DATA FOR REVIEW:
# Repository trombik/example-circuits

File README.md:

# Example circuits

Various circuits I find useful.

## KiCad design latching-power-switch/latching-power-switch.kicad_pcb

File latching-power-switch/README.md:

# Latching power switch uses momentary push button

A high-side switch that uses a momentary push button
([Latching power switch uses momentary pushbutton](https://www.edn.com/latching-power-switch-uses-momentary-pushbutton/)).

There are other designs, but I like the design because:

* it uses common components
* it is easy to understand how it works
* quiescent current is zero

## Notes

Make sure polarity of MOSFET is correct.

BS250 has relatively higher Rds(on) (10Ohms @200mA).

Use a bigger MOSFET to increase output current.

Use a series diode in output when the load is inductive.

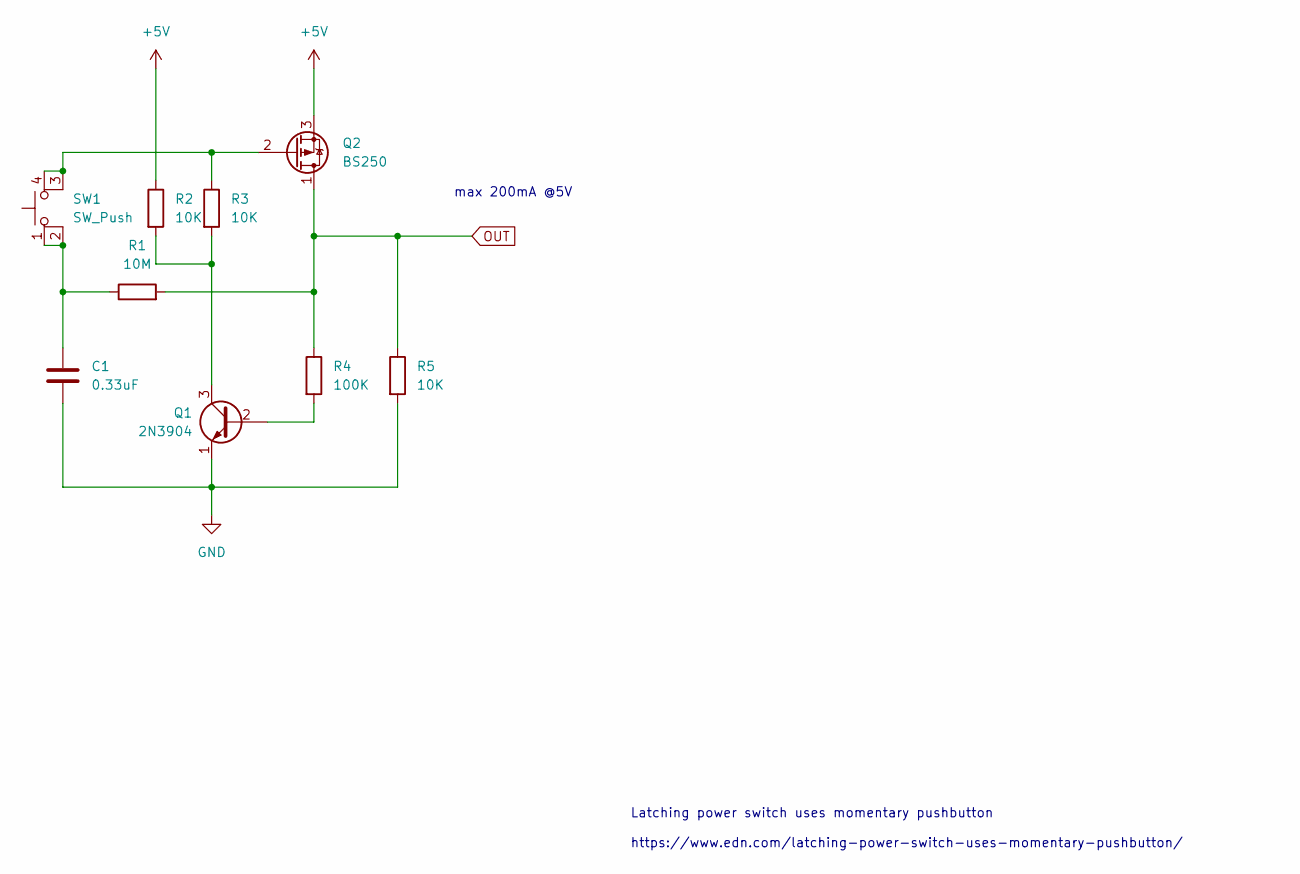
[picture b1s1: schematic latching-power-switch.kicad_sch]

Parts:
C1: 0.33uF; C_Disc_D5.0mm_W2.5mm_P5.00mm
Q1: 2N3904; TO-92_Inline_Wide
Q2: BS250; TO-92_Inline_Wide
R1: 10M; R_Axial_DIN0207_L6.3mm_D2.5mm_P7.62mm_Horizontal
R2: 10K; R_Axial_DIN0207_L6.3mm_D2.5mm_P10.16mm_Horizontal
R3, R5: 10K; R_Axial_DIN0207_L6.3mm_D2.5mm_P7.62mm_Horizontal
R4: 100K; R_Axial_DIN0207_L6.3mm_D2.5mm_P7.62mm_Horizontal
SW1: SW_Push; SW_PUSH_6mm

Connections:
+5V: Q2.3 (S), R2.1
GND: C1.2, Q1.1 (E), R5.2
unnamed: C1.1, R1.1, SW1.1, SW1.2
unnamed: Q1.2 (B), R4.2
unnamed: Q1.3 (C), R2.2, R3.2
unnamed: Q2.2 (G), R3.1, SW1.3 (K), SW1.4 (A)
OUT: Q2.1 (D), R1.2, R4.1, R5.1

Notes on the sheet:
max 200mA @5V
Latching power switch uses momentary pushbutton https://www.edn.com/latching-power-switch-uses-momentary-pushbutton/

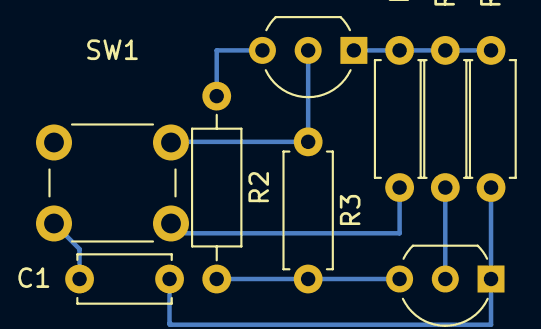
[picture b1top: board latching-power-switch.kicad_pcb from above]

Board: 2 copper layers, 9 parts (0 on the bottom side), 7 nets.

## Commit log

2022-07-18 feat(latching-power-switch): initial import
2022-07-18 feat(latching-power-switch): add SVG file
2022-07-18 update(latching-power-switch): add PCB layout
2022-07-18 chore: ignore fp-info-cache
2022-07-18 doc(latching-power-switch): fix a typo, add why I like it
2022-07-18 doc: embed the schematic into README
2022-07-18 doc: use <img> not <a>
2022-07-18 bugfix: draw backgorund color in schematic
    to support dark mode in browser
2022-07-21 feat: add 555 PWM
2022-07-21 fix a tag
2022-07-21 feat: add 555 timer
2022-07-24 bugfix: resize schematic
2022-07-26 feat: add BJT push-pull
2022-08-09 feat: A continuity checker with a comparator
2022-08-10 doc: add a picture of continuity checker
2022-08-10 feat: add avr-input example
2022-08-10 chore: rename avr-input to avr-input-output
2022-08-10 doc: add kicad project to avr-input-output
2022-08-11 doc: add schmatic to README
2022-08-11 bugfix: fix background in schematic
2022-08-11 doc: document why avr/sfr_defs.h is not icnluded
2022-08-11 doc(avr-input-output): explain the target MCU
2022-08-11 feat(avr-input-output): add upload settings to platformio.ini
2022-08-11 doc: describe what avr-input-output does
2022-08-11 feat(avr-input-output): add attiny13 target
2022-08-11 doc(avr-input-output): mention programmers
2022-08-11 doc(avr-input-output): document pio targets
2022-08-11 feat: add avr-blink example
2022-08-11 bugfix: make schematic scalable
2022-08-11 bugfix: correct CPU clock on ATTiny13
2022-08-12 feat: add transistor as a switch example
2022-08-12 doc: add link to 2N3904 datasheet
2022-08-12 feat: mosfet-switch example
2022-08-12 bugfix: s/>/</
2022-08-13 feat: add RC network

EXERCISE: Through the final line of the listing, beginning at the line that contains "2022-08-11 feat: add avr-blink example", every line is to be set down exactly, with no others.

TASK SOLUTION:
2022-08-11 feat: add avr-blink example
2022-08-11 bugfix: make schematic scalable
2022-08-11 bugfix: correct CPU clock on ATTiny13
2022-08-12 feat: add transistor as a switch example
2022-08-12 doc: add link to 2N3904 datasheet
2022-08-12 feat: mosfet-switch example
2022-08-12 bugfix: s/>/</
2022-08-13 feat: add RC network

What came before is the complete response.